#### [The task]
From the entries that follow, extract each line holding the string "symbols".

#### [Material for this exercise]
<<<<
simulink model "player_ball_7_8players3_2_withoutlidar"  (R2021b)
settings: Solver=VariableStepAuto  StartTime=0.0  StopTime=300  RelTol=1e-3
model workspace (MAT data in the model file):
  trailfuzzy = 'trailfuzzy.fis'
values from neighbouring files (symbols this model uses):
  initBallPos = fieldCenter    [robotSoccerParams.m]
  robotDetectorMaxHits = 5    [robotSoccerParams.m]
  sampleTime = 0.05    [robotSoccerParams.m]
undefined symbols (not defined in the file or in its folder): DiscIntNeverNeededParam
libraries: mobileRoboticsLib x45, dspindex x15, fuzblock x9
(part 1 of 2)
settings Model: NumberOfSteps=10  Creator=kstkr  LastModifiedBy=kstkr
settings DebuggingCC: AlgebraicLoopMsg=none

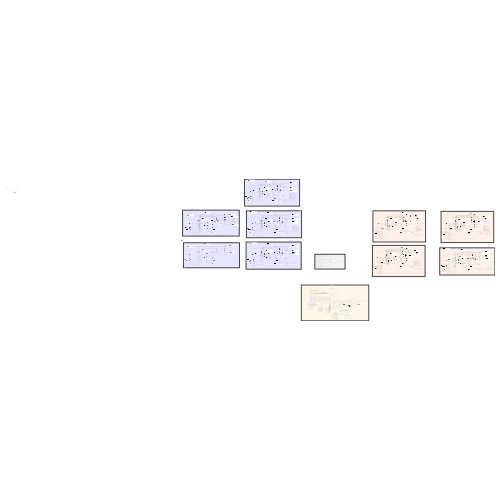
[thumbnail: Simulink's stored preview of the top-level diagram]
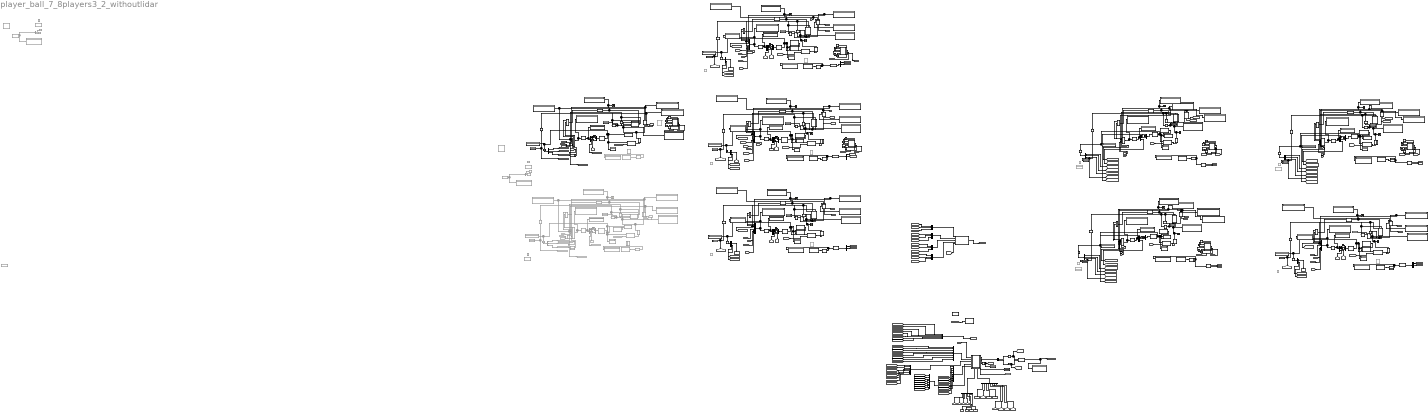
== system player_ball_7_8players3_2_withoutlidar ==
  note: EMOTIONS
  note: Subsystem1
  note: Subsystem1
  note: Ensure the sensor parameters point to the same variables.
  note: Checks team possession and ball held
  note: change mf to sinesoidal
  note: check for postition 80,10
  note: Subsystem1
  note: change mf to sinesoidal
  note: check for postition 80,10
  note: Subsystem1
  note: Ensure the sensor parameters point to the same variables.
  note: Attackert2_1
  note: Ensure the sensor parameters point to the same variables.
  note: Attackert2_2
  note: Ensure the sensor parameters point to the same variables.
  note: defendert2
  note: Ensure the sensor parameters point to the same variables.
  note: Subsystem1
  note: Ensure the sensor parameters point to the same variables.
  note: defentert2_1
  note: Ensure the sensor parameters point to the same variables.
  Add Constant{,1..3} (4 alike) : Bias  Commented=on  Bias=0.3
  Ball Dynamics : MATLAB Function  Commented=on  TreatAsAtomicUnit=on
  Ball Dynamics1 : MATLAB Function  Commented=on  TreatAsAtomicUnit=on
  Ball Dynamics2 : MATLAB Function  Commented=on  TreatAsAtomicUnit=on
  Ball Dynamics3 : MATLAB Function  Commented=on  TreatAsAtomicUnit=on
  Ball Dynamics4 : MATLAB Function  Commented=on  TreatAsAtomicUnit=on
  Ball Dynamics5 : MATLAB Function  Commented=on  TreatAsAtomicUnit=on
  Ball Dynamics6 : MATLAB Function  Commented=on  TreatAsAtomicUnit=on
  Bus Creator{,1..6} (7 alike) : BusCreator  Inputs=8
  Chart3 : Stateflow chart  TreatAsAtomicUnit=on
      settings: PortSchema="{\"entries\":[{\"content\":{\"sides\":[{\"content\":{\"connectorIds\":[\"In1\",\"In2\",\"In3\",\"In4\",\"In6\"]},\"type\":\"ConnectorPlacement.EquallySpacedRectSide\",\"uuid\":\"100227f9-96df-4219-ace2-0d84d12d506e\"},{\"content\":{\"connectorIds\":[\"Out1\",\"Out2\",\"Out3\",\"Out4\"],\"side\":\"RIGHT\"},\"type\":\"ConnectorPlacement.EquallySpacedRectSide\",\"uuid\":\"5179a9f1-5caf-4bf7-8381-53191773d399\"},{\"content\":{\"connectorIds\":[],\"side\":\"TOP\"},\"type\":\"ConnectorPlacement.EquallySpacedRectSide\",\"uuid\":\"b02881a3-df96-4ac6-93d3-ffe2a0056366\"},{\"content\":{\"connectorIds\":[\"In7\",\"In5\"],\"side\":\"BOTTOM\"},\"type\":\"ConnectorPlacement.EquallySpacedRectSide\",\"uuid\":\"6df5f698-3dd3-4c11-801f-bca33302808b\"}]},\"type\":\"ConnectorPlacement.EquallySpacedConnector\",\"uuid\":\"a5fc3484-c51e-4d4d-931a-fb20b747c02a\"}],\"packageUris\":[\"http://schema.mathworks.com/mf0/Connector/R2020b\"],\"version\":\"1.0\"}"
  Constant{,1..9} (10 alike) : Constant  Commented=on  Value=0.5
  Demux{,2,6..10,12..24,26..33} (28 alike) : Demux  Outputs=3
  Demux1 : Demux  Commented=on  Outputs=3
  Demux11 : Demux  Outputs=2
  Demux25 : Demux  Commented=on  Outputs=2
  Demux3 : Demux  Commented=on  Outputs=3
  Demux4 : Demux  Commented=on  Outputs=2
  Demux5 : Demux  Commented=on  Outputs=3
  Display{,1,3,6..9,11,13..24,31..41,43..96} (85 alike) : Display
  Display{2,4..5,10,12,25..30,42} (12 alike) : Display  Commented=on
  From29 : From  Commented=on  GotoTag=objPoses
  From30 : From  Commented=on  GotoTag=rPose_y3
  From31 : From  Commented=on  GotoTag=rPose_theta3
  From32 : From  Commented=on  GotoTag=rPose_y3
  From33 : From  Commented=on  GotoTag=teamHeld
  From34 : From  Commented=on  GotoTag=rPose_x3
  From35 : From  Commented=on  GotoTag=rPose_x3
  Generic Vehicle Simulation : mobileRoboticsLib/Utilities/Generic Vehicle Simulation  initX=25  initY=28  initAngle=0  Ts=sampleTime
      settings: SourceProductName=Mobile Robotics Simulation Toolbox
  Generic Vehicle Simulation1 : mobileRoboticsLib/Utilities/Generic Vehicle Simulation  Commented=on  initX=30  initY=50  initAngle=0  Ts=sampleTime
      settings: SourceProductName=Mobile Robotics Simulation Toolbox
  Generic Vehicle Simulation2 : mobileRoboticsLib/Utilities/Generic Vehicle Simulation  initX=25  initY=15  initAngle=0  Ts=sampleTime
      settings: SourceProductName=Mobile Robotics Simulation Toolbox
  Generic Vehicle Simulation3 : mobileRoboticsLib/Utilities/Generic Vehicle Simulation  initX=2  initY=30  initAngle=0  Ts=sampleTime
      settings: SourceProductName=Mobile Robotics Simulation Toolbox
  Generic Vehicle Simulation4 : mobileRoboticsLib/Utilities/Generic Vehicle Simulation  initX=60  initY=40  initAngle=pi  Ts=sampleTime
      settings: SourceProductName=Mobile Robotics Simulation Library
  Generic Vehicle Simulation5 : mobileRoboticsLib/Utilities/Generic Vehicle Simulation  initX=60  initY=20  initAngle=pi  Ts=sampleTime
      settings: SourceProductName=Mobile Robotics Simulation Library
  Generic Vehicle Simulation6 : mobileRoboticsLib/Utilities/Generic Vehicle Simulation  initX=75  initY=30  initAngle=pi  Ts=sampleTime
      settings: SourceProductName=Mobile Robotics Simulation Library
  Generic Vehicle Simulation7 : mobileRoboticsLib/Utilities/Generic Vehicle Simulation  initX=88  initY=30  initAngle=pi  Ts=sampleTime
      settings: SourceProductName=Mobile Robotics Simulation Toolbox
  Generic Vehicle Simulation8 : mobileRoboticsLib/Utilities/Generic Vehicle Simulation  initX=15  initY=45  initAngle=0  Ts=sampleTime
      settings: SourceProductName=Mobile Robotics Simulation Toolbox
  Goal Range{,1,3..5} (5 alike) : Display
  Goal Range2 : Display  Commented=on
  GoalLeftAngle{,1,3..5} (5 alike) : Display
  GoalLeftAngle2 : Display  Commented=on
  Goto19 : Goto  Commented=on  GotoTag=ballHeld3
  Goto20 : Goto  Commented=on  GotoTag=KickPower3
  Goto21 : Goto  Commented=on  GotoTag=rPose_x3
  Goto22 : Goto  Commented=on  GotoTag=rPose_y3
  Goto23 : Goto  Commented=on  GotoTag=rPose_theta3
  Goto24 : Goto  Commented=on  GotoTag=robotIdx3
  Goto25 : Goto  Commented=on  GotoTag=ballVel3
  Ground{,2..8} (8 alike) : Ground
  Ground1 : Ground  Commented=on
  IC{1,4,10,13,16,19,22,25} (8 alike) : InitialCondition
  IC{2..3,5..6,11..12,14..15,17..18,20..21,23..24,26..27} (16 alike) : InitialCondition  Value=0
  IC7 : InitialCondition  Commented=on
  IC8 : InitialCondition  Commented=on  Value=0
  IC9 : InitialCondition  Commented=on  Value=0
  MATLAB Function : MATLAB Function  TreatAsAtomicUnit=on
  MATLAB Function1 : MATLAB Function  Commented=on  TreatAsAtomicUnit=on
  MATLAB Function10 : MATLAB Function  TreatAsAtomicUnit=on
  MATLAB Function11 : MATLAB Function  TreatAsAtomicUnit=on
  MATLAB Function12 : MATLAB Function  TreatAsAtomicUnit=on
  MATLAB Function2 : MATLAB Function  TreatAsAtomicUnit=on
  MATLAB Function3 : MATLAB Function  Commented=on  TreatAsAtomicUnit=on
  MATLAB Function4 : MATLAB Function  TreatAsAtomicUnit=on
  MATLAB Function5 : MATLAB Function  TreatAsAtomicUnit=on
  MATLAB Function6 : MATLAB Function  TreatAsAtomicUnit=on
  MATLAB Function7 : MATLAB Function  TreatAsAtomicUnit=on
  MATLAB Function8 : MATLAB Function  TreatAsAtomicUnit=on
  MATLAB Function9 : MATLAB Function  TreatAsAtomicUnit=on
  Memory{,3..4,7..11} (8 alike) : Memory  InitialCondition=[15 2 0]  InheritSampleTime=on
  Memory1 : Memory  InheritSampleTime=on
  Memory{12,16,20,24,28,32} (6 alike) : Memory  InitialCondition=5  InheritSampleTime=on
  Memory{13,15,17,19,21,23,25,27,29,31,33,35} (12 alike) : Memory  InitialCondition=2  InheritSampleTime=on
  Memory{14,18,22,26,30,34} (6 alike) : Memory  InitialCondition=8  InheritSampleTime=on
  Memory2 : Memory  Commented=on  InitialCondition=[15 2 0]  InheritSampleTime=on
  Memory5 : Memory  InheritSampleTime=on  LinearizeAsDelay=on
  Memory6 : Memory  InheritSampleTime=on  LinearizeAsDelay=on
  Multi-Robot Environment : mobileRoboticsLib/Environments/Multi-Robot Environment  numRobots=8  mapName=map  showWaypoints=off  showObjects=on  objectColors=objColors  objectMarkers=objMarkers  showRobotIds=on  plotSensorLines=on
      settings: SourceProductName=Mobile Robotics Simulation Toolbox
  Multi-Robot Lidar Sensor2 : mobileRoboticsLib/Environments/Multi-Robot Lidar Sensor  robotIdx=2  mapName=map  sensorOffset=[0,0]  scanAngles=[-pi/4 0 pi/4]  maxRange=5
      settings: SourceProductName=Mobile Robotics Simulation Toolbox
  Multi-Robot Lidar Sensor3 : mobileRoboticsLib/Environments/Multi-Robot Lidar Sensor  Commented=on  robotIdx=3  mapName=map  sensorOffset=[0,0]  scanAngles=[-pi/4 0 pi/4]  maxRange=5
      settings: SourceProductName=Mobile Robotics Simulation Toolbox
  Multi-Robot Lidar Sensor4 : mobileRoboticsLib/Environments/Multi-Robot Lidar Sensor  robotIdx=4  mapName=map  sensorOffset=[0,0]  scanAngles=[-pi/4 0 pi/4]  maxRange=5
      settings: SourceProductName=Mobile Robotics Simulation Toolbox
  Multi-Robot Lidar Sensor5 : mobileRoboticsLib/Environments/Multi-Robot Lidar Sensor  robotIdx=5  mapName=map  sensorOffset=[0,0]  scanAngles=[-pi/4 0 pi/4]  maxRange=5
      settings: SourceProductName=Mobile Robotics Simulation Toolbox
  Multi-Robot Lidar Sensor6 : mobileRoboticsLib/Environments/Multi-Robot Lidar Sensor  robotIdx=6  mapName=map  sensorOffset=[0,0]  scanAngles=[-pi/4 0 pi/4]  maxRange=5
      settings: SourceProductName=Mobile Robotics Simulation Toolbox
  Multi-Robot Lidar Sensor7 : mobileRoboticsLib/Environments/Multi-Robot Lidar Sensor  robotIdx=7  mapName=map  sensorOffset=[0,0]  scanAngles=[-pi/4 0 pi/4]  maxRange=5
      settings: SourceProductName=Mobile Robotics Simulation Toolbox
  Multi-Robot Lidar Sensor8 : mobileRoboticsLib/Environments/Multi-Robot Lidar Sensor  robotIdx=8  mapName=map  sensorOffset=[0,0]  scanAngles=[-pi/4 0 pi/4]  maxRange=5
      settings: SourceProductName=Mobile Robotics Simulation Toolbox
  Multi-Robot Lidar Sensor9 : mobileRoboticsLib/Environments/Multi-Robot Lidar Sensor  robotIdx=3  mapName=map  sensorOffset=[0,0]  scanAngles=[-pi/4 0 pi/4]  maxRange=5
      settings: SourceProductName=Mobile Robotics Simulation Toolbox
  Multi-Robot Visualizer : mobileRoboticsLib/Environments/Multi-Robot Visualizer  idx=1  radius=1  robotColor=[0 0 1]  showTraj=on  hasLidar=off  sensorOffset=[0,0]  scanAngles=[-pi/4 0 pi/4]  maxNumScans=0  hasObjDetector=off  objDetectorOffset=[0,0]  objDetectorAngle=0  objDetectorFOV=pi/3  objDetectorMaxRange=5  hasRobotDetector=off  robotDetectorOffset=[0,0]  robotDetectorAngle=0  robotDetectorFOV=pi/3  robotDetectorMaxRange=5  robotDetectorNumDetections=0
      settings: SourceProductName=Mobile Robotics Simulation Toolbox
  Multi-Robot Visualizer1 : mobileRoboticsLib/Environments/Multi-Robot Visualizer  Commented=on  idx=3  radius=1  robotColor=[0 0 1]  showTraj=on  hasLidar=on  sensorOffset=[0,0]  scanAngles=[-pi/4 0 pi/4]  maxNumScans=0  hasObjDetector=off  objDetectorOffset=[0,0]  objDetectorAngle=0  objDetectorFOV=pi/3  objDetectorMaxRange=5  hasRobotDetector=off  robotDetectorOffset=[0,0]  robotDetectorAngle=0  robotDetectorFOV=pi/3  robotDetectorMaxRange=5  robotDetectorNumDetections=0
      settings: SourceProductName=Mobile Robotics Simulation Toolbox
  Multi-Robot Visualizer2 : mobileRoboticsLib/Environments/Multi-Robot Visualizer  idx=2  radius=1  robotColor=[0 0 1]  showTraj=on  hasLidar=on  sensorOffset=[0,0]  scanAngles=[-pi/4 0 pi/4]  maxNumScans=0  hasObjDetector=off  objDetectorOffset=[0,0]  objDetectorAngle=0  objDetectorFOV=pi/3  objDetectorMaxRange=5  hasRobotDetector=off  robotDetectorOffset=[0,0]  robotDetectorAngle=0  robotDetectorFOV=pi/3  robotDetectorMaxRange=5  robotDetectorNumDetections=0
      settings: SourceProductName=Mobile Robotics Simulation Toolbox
>>>>
#### [Exercise response]
values from neighbouring files (symbols this model uses):
undefined symbols (not defined in the file or in its folder): DiscIntNeverNeededParam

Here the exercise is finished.